Meta (formerly known as Facebook) has delighted the world with a new breakthrough in the field of artificial intelligence. They recently published an artificial intelligence model called Massively Multilingual Speech (MMS). This model is able to recognize spoken language in 4,000 languages and convert it to text, opening up new opportunities for communication and access to information.
Non-standard approach to learning
Conventional speech recognition and text-to-speech models require thousands of hours of text-tagged audio to train. However, for languages that are not common in the industrial world, such data is simply not available. The Meta team solved this problem with a non-standard approach. They used religious texts such as the Bible and other foundational books, which have been translated into many languages and have audio recordings available to the public. Although audio recordings did not have precise markup, wav2vec 2.0 was able to overcome this problem.

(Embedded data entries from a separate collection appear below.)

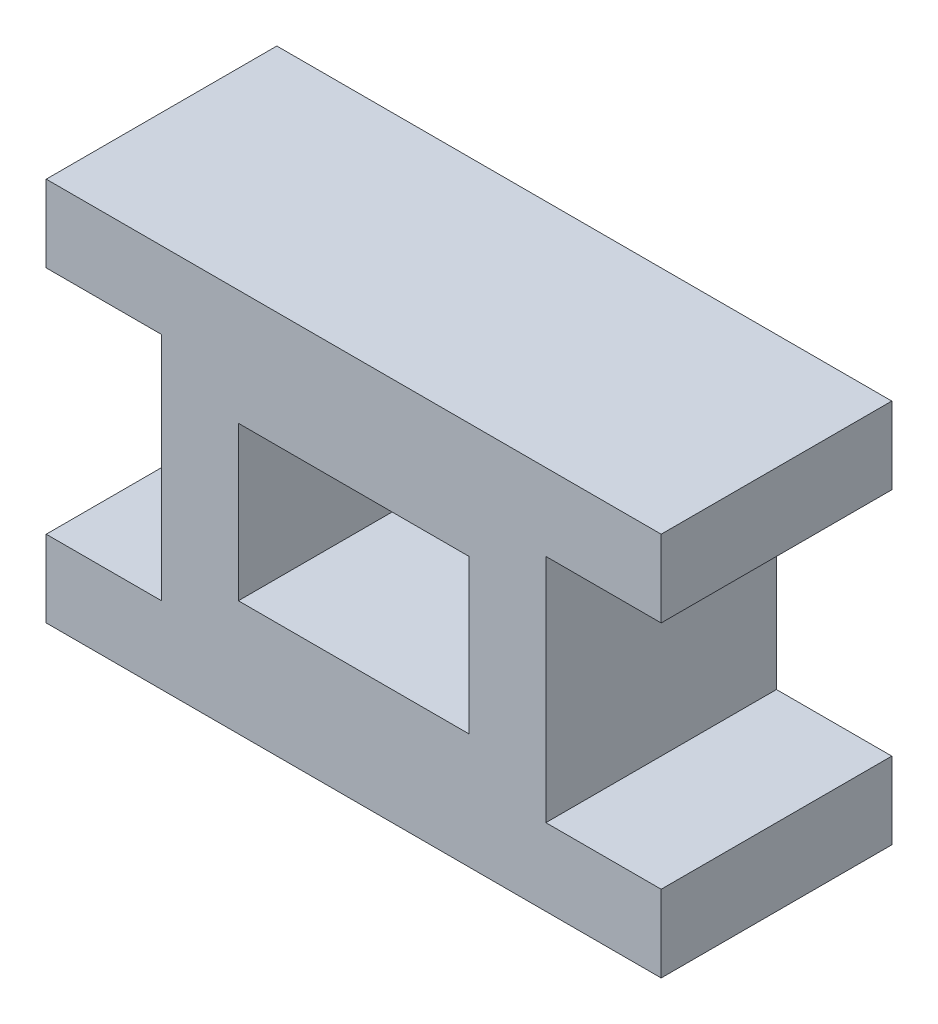
ISO-10303-21;
HEADER;
FILE_DESCRIPTION(('STEP AP214'),'2;1');
FILE_NAME('part.step','',(''),(''),'','','');
FILE_SCHEMA(('AUTOMOTIVE_DESIGN { 1 0 10303 214 1 1 1 1 }'));
ENDSEC;
DATA;
#1=APPLICATION_CONTEXT('core data for automotive mechanical design processes');
#2=APPLICATION_PROTOCOL_DEFINITION('international standard','automotive_design',2000,#1);
#3=PRODUCT_CONTEXT('',#1,'mechanical');
#4=PRODUCT('Part','Part','',(#3));
#5=PRODUCT_RELATED_PRODUCT_CATEGORY('part','',(#4));
#6=PRODUCT_DEFINITION_FORMATION('','',#4);
#7=PRODUCT_DEFINITION_CONTEXT('part definition',#1,'design');
#8=PRODUCT_DEFINITION('design','',#6,#7);
#9=PRODUCT_DEFINITION_SHAPE('','',#8);
#10=(LENGTH_UNIT() NAMED_UNIT(*) SI_UNIT(.MILLI.,.METRE.));
#11=(NAMED_UNIT(*) PLANE_ANGLE_UNIT() SI_UNIT($,.RADIAN.));
#12=(NAMED_UNIT(*) SI_UNIT($,.STERADIAN.) SOLID_ANGLE_UNIT());
#13=UNCERTAINTY_MEASURE_WITH_UNIT(LENGTH_MEASURE(1.E-05),#10,'distance_accuracy_value','');
#14=(GEOMETRIC_REPRESENTATION_CONTEXT(3) GLOBAL_UNCERTAINTY_ASSIGNED_CONTEXT((#13)) GLOBAL_UNIT_ASSIGNED_CONTEXT((#10,
#11,#12)) REPRESENTATION_CONTEXT('',''));
#15=CARTESIAN_POINT('',(0.,0.,0.));
#16=DIRECTION('',(0.,0.,1.));
#17=DIRECTION('',(1.,0.,0.));
#18=AXIS2_PLACEMENT_3D('',#15,#16,#17);
#19=CARTESIAN_POINT('',(0.,0.,15.));
#20=DIRECTION('',(0.,0.,-1.));
#21=DIRECTION('',(-1.,0.,0.));
#22=AXIS2_PLACEMENT_3D('',#19,#20,#21);
#23=PLANE('',#22);
#24=DIRECTION('',(0.,1.,0.));
#25=VECTOR('',#24,1.);
#26=CARTESIAN_POINT('',(40.,15.,15.));
#27=LINE('',#26,#25);
#28=CARTESIAN_POINT('',(40.,15.,15.));
#29=VERTEX_POINT('',#28);
#30=CARTESIAN_POINT('',(40.,25.,15.));
#31=VERTEX_POINT('',#30);
#32=EDGE_CURVE('E187',#29,#31,#27,.T.);
#33=ORIENTED_EDGE('',*,*,#32,.T.);
#34=DIRECTION('',(-1.,0.,0.));
#35=VECTOR('',#34,1.);
#36=CARTESIAN_POINT('',(-40.,25.,15.));
#37=LINE('',#36,#35);
#38=CARTESIAN_POINT('',(-40.,25.,15.));
#39=VERTEX_POINT('',#38);
#40=EDGE_CURVE('E192',#31,#39,#37,.T.);
#41=ORIENTED_EDGE('',*,*,#40,.T.);
#42=DIRECTION('',(0.,-1.,0.));
#43=VECTOR('',#42,1.);
#44=CARTESIAN_POINT('',(-40.,15.,15.));
#45=LINE('',#44,#43);
#46=CARTESIAN_POINT('',(-40.,15.,15.));
#47=VERTEX_POINT('',#46);
#48=EDGE_CURVE('E191',#39,#47,#45,.T.);
#49=ORIENTED_EDGE('',*,*,#48,.T.);
#50=DIRECTION('',(1.,0.,0.));
#51=VECTOR('',#50,1.);
#52=CARTESIAN_POINT('',(-40.,15.,15.));
#53=LINE('',#52,#51);
#54=CARTESIAN_POINT('',(-25.,15.,15.));
#55=VERTEX_POINT('',#54);
#56=EDGE_CURVE('E196',#47,#55,#53,.T.);
#57=ORIENTED_EDGE('',*,*,#56,.T.);
#58=DIRECTION('',(0.,-1.,0.));
#59=VECTOR('',#58,1.);
#60=CARTESIAN_POINT('',(-25.,15.,15.));
#61=LINE('',#60,#59);
#62=CARTESIAN_POINT('',(-25.,-15.,15.));
#63=VERTEX_POINT('',#62);
#64=EDGE_CURVE('E199',#55,#63,#61,.T.);
#65=ORIENTED_EDGE('',*,*,#64,.T.);
#66=DIRECTION('',(-1.,0.,0.));
#67=VECTOR('',#66,1.);
#68=CARTESIAN_POINT('',(-25.,-15.,15.));
#69=LINE('',#68,#67);
#70=CARTESIAN_POINT('',(-40.,-15.,15.));
#71=VERTEX_POINT('',#70);
#72=EDGE_CURVE('E200',#63,#71,#69,.T.);
#73=ORIENTED_EDGE('',*,*,#72,.T.);
#74=DIRECTION('',(0.,-1.,0.));
#75=VECTOR('',#74,1.);
#76=CARTESIAN_POINT('',(-40.,-25.,15.));
#77=LINE('',#76,#75);
#78=CARTESIAN_POINT('',(-40.,-25.,15.));
#79=VERTEX_POINT('',#78);
#80=EDGE_CURVE('E205',#71,#79,#77,.T.);
#81=ORIENTED_EDGE('',*,*,#80,.T.);
#82=DIRECTION('',(1.,0.,0.));
#83=VECTOR('',#82,1.);
#84=CARTESIAN_POINT('',(-40.,-25.,15.));
#85=LINE('',#84,#83);
#86=CARTESIAN_POINT('',(40.,-25.,15.));
#87=VERTEX_POINT('',#86);
#88=EDGE_CURVE('E204',#79,#87,#85,.T.);
#89=ORIENTED_EDGE('',*,*,#88,.T.);
#90=DIRECTION('',(0.,1.,0.));
#91=VECTOR('',#90,1.);
#92=CARTESIAN_POINT('',(40.,-25.,15.));
#93=LINE('',#92,#91);
#94=CARTESIAN_POINT('',(40.,-15.,15.));
#95=VERTEX_POINT('',#94);
#96=EDGE_CURVE('E206',#87,#95,#93,.T.);
#97=ORIENTED_EDGE('',*,*,#96,.T.);
#98=DIRECTION('',(-1.,0.,0.));
#99=VECTOR('',#98,1.);
#100=CARTESIAN_POINT('',(25.,-15.,15.));
#101=LINE('',#100,#99);
#102=CARTESIAN_POINT('',(25.,-15.,15.));
#103=VERTEX_POINT('',#102);
#104=EDGE_CURVE('E209',#95,#103,#101,.T.);
#105=ORIENTED_EDGE('',*,*,#104,.T.);
#106=DIRECTION('',(0.,1.,0.));
#107=VECTOR('',#106,1.);
#108=CARTESIAN_POINT('',(25.,15.,15.));
#109=LINE('',#108,#107);
#110=CARTESIAN_POINT('',(25.,15.,15.));
#111=VERTEX_POINT('',#110);
#112=EDGE_CURVE('E210',#103,#111,#109,.T.);
#113=ORIENTED_EDGE('',*,*,#112,.T.);
#114=DIRECTION('',(1.,0.,0.));
#115=VECTOR('',#114,1.);
#116=CARTESIAN_POINT('',(40.,15.,15.));
#117=LINE('',#116,#115);
#118=EDGE_CURVE('E212',#111,#29,#117,.T.);
#119=ORIENTED_EDGE('',*,*,#118,.T.);
#120=EDGE_LOOP('',(#33,#41,#49,#57,#65,#73,#81,#89,#97,#105,#113,#119));
#121=FACE_BOUND('',#120,.T.);
#122=DIRECTION('',(0.,1.,0.));
#123=VECTOR('',#122,1.);
#124=CARTESIAN_POINT('',(15.,-10.,15.));
#125=LINE('',#124,#123);
#126=CARTESIAN_POINT('',(15.,-10.,15.));
#127=VERTEX_POINT('',#126);
#128=CARTESIAN_POINT('',(15.,10.,15.));
#129=VERTEX_POINT('',#128);
#130=EDGE_CURVE('E152',#127,#129,#125,.T.);
#131=ORIENTED_EDGE('',*,*,#130,.F.);
#132=DIRECTION('',(1.,0.,0.));
#133=VECTOR('',#132,1.);
#134=CARTESIAN_POINT('',(-15.,-10.,15.));
#135=LINE('',#134,#133);
#136=CARTESIAN_POINT('',(-15.,-10.,15.));
#137=VERTEX_POINT('',#136);
#138=EDGE_CURVE('E174',#137,#127,#135,.T.);
#139=ORIENTED_EDGE('',*,*,#138,.F.);
#140=DIRECTION('',(0.,-1.,0.));
#141=VECTOR('',#140,1.);
#142=CARTESIAN_POINT('',(-15.,-10.,15.));
#143=LINE('',#142,#141);
#144=CARTESIAN_POINT('',(-15.,10.,15.));
#145=VERTEX_POINT('',#144);
#146=EDGE_CURVE('E175',#145,#137,#143,.T.);
#147=ORIENTED_EDGE('',*,*,#146,.F.);
#148=DIRECTION('',(-1.,0.,0.));
#149=VECTOR('',#148,1.);
#150=CARTESIAN_POINT('',(-15.,10.,15.));
#151=LINE('',#150,#149);
#152=EDGE_CURVE('E158',#129,#145,#151,.T.);
#153=ORIENTED_EDGE('',*,*,#152,.F.);
#154=EDGE_LOOP('',(#131,#139,#147,#153));
#155=FACE_BOUND('',#154,.T.);
#156=ADVANCED_FACE('F39',(#121,#155),#23,.F.);
#157=CARTESIAN_POINT('',(0.,0.,-15.));
#158=DIRECTION('',(0.,0.,-1.));
#159=DIRECTION('',(-1.,0.,0.));
#160=AXIS2_PLACEMENT_3D('',#157,#158,#159);
#161=PLANE('',#160);
#162=DIRECTION('',(0.,1.,0.));
#163=VECTOR('',#162,1.);
#164=CARTESIAN_POINT('',(40.,15.,-15.));
#165=LINE('',#164,#163);
#166=CARTESIAN_POINT('',(40.,15.,-15.));
#167=VERTEX_POINT('',#166);
#168=CARTESIAN_POINT('',(40.,25.,-15.));
#169=VERTEX_POINT('',#168);
#170=EDGE_CURVE('E166',#167,#169,#165,.T.);
#171=ORIENTED_EDGE('',*,*,#170,.F.);
#172=DIRECTION('',(1.,0.,0.));
#173=VECTOR('',#172,1.);
#174=CARTESIAN_POINT('',(40.,15.,-15.));
#175=LINE('',#174,#173);
#176=CARTESIAN_POINT('',(25.,15.,-15.));
#177=VERTEX_POINT('',#176);
#178=EDGE_CURVE('E195',#177,#167,#175,.T.);
#179=ORIENTED_EDGE('',*,*,#178,.F.);
#180=DIRECTION('',(0.,1.,0.));
#181=VECTOR('',#180,1.);
#182=CARTESIAN_POINT('',(25.,15.,-15.));
#183=LINE('',#182,#181);
#184=CARTESIAN_POINT('',(25.,-15.,-15.));
#185=VERTEX_POINT('',#184);
#186=EDGE_CURVE('E234',#185,#177,#183,.T.);
#187=ORIENTED_EDGE('',*,*,#186,.F.);
#188=DIRECTION('',(-1.,0.,0.));
#189=VECTOR('',#188,1.);
#190=CARTESIAN_POINT('',(25.,-15.,-15.));
#191=LINE('',#190,#189);
#192=CARTESIAN_POINT('',(40.,-15.,-15.));
#193=VERTEX_POINT('',#192);
#194=EDGE_CURVE('E232',#193,#185,#191,.T.);
#195=ORIENTED_EDGE('',*,*,#194,.F.);
#196=DIRECTION('',(0.,1.,0.));
#197=VECTOR('',#196,1.);
#198=CARTESIAN_POINT('',(40.,-25.,-15.));
#199=LINE('',#198,#197);
#200=CARTESIAN_POINT('',(40.,-25.,-15.));
#201=VERTEX_POINT('',#200);
#202=EDGE_CURVE('E231',#201,#193,#199,.T.);
#203=ORIENTED_EDGE('',*,*,#202,.F.);
#204=DIRECTION('',(1.,0.,0.));
#205=VECTOR('',#204,1.);
#206=CARTESIAN_POINT('',(-40.,-25.,-15.));
#207=LINE('',#206,#205);
#208=CARTESIAN_POINT('',(-40.,-25.,-15.));
#209=VERTEX_POINT('',#208);
#210=EDGE_CURVE('E227',#209,#201,#207,.T.);
#211=ORIENTED_EDGE('',*,*,#210,.F.);
#212=DIRECTION('',(0.,-1.,0.));
#213=VECTOR('',#212,1.);
#214=CARTESIAN_POINT('',(-40.,-25.,-15.));
#215=LINE('',#214,#213);
#216=CARTESIAN_POINT('',(-40.,-15.,-15.));
#217=VERTEX_POINT('',#216);
#218=EDGE_CURVE('E230',#217,#209,#215,.T.);
#219=ORIENTED_EDGE('',*,*,#218,.F.);
#220=DIRECTION('',(-1.,0.,0.));
#221=VECTOR('',#220,1.);
#222=CARTESIAN_POINT('',(-25.,-15.,-15.));
#223=LINE('',#222,#221);
#224=CARTESIAN_POINT('',(-25.,-15.,-15.));
#225=VERTEX_POINT('',#224);
#226=EDGE_CURVE('E224',#225,#217,#223,.T.);
#227=ORIENTED_EDGE('',*,*,#226,.F.);
#228=DIRECTION('',(0.,-1.,0.));
#229=VECTOR('',#228,1.);
#230=CARTESIAN_POINT('',(-25.,15.,-15.));
#231=LINE('',#230,#229);
#232=CARTESIAN_POINT('',(-25.,15.,-15.));
#233=VERTEX_POINT('',#232);
#234=EDGE_CURVE('E223',#233,#225,#231,.T.);
#235=ORIENTED_EDGE('',*,*,#234,.F.);
#236=DIRECTION('',(1.,0.,0.));
#237=VECTOR('',#236,1.);
#238=CARTESIAN_POINT('',(-40.,15.,-15.));
#239=LINE('',#238,#237);
#240=CARTESIAN_POINT('',(-40.,15.,-15.));
#241=VERTEX_POINT('',#240);
#242=EDGE_CURVE('E221',#241,#233,#239,.T.);
#243=ORIENTED_EDGE('',*,*,#242,.F.);
#244=DIRECTION('',(0.,-1.,0.));
#245=VECTOR('',#244,1.);
#246=CARTESIAN_POINT('',(-40.,15.,-15.));
#247=LINE('',#246,#245);
#248=CARTESIAN_POINT('',(-40.,25.,-15.));
#249=VERTEX_POINT('',#248);
#250=EDGE_CURVE('E219',#249,#241,#247,.T.);
#251=ORIENTED_EDGE('',*,*,#250,.F.);
#252=DIRECTION('',(-1.,0.,0.));
#253=VECTOR('',#252,1.);
#254=CARTESIAN_POINT('',(-40.,25.,-15.));
#255=LINE('',#254,#253);
#256=EDGE_CURVE('E220',#169,#249,#255,.T.);
#257=ORIENTED_EDGE('',*,*,#256,.F.);
#258=EDGE_LOOP('',(#171,#179,#187,#195,#203,#211,#219,#227,#235,#243,#251,#257));
#259=FACE_BOUND('',#258,.T.);
#260=DIRECTION('',(1.,0.,0.));
#261=VECTOR('',#260,1.);
#262=CARTESIAN_POINT('',(-15.,-10.,-15.));
#263=LINE('',#262,#261);
#264=CARTESIAN_POINT('',(-15.,-10.,-15.));
#265=VERTEX_POINT('',#264);
#266=CARTESIAN_POINT('',(15.,-10.,-15.));
#267=VERTEX_POINT('',#266);
#268=EDGE_CURVE('E161',#265,#267,#263,.T.);
#269=ORIENTED_EDGE('',*,*,#268,.T.);
#270=DIRECTION('',(0.,1.,0.));
#271=VECTOR('',#270,1.);
#272=CARTESIAN_POINT('',(15.,-10.,-15.));
#273=LINE('',#272,#271);
#274=CARTESIAN_POINT('',(15.,10.,-15.));
#275=VERTEX_POINT('',#274);
#276=EDGE_CURVE('E62',#267,#275,#273,.T.);
#277=ORIENTED_EDGE('',*,*,#276,.T.);
#278=DIRECTION('',(-1.,0.,0.));
#279=VECTOR('',#278,1.);
#280=CARTESIAN_POINT('',(-15.,10.,-15.));
#281=LINE('',#280,#279);
#282=CARTESIAN_POINT('',(-15.,10.,-15.));
#283=VERTEX_POINT('',#282);
#284=EDGE_CURVE('E167',#275,#283,#281,.T.);
#285=ORIENTED_EDGE('',*,*,#284,.T.);
#286=DIRECTION('',(0.,-1.,0.));
#287=VECTOR('',#286,1.);
#288=CARTESIAN_POINT('',(-15.,-10.,-15.));
#289=LINE('',#288,#287);
#290=EDGE_CURVE('E179',#283,#265,#289,.T.);
#291=ORIENTED_EDGE('',*,*,#290,.T.);
#292=EDGE_LOOP('',(#269,#277,#285,#291));
#293=FACE_BOUND('',#292,.T.);
#294=ADVANCED_FACE('F280',(#259,#293),#161,.T.);
#295=CARTESIAN_POINT('',(40.,15.,15.));
#296=DIRECTION('',(-1.,0.,0.));
#297=DIRECTION('',(0.,-1.,0.));
#298=AXIS2_PLACEMENT_3D('',#295,#296,#297);
#299=PLANE('',#298);
#300=ORIENTED_EDGE('',*,*,#170,.T.);
#301=DIRECTION('',(0.,0.,-1.));
#302=VECTOR('',#301,1.);
#303=CARTESIAN_POINT('',(40.,25.,15.));
#304=LINE('',#303,#302);
#305=EDGE_CURVE('E11',#31,#169,#304,.T.);
#306=ORIENTED_EDGE('',*,*,#305,.F.);
#307=ORIENTED_EDGE('',*,*,#32,.F.);
#308=DIRECTION('',(0.,0.,-1.));
#309=VECTOR('',#308,1.);
#310=CARTESIAN_POINT('',(40.,15.,15.));
#311=LINE('',#310,#309);
#312=EDGE_CURVE('E215',#29,#167,#311,.T.);
#313=ORIENTED_EDGE('',*,*,#312,.T.);
#314=EDGE_LOOP('',(#300,#306,#307,#313));
#315=FACE_BOUND('',#314,.T.);
#316=ADVANCED_FACE('F41',(#315),#299,.F.);
#317=CARTESIAN_POINT('',(-40.,25.,15.));
#318=DIRECTION('',(0.,-1.,0.));
#319=DIRECTION('',(0.,0.,-1.));
#320=AXIS2_PLACEMENT_3D('',#317,#318,#319);
#321=PLANE('',#320);
#322=ORIENTED_EDGE('',*,*,#256,.T.);
#323=DIRECTION('',(0.,0.,-1.));
#324=VECTOR('',#323,1.);
#325=CARTESIAN_POINT('',(-40.,25.,15.));
#326=LINE('',#325,#324);
#327=EDGE_CURVE('E50',#39,#249,#326,.T.);
#328=ORIENTED_EDGE('',*,*,#327,.F.);
#329=ORIENTED_EDGE('',*,*,#40,.F.);
#330=ORIENTED_EDGE('',*,*,#305,.T.);
#331=EDGE_LOOP('',(#322,#328,#329,#330));
#332=FACE_BOUND('',#331,.T.);
#333=ADVANCED_FACE('F294',(#332),#321,.F.);
#334=CARTESIAN_POINT('',(-40.,15.,15.));
#335=DIRECTION('',(1.,0.,0.));
#336=DIRECTION('',(0.,1.,0.));
#337=AXIS2_PLACEMENT_3D('',#334,#335,#336);
#338=PLANE('',#337);
#339=ORIENTED_EDGE('',*,*,#250,.T.);
#340=DIRECTION('',(0.,0.,-1.));
#341=VECTOR('',#340,1.);
#342=CARTESIAN_POINT('',(-40.,15.,15.));
#343=LINE('',#342,#341);
#344=EDGE_CURVE('E264',#47,#241,#343,.T.);
#345=ORIENTED_EDGE('',*,*,#344,.F.);
#346=ORIENTED_EDGE('',*,*,#48,.F.);
#347=ORIENTED_EDGE('',*,*,#327,.T.);
#348=EDGE_LOOP('',(#339,#345,#346,#347));
#349=FACE_BOUND('',#348,.T.);
#350=ADVANCED_FACE('F271',(#349),#338,.F.);
#351=CARTESIAN_POINT('',(-40.,15.,15.));
#352=DIRECTION('',(0.,1.,0.));
#353=DIRECTION('',(0.,0.,1.));
#354=AXIS2_PLACEMENT_3D('',#351,#352,#353);
#355=PLANE('',#354);
#356=ORIENTED_EDGE('',*,*,#242,.T.);
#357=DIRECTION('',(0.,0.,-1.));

Over 4000 supported languages
The MMS model can recognize and convert spoken language in over 4,000 languages, making it one of the most multilingual models on the market. Surprisingly, learning from religious texts did not affect the model, and it did not show any bias towards religious worldview or gender bias.
New opportunities for accessing information
One of the key advantages of the MMS project is the availability of information in rare languages. Most modern technology giants are limited to 100 languages, which creates problems for speakers of rare languages. Meta strives to overcome this limitation and provide a level playing field for all users, notes NIXsolutions.
A new era in speech recognition
Meta’s MMS is a revolutionary advance in speech recognition and text-to-speech. Its ability to recognize and reproduce spoken language in more than 4,000 languages opens up new horizons for communication and interaction in a multilingual world.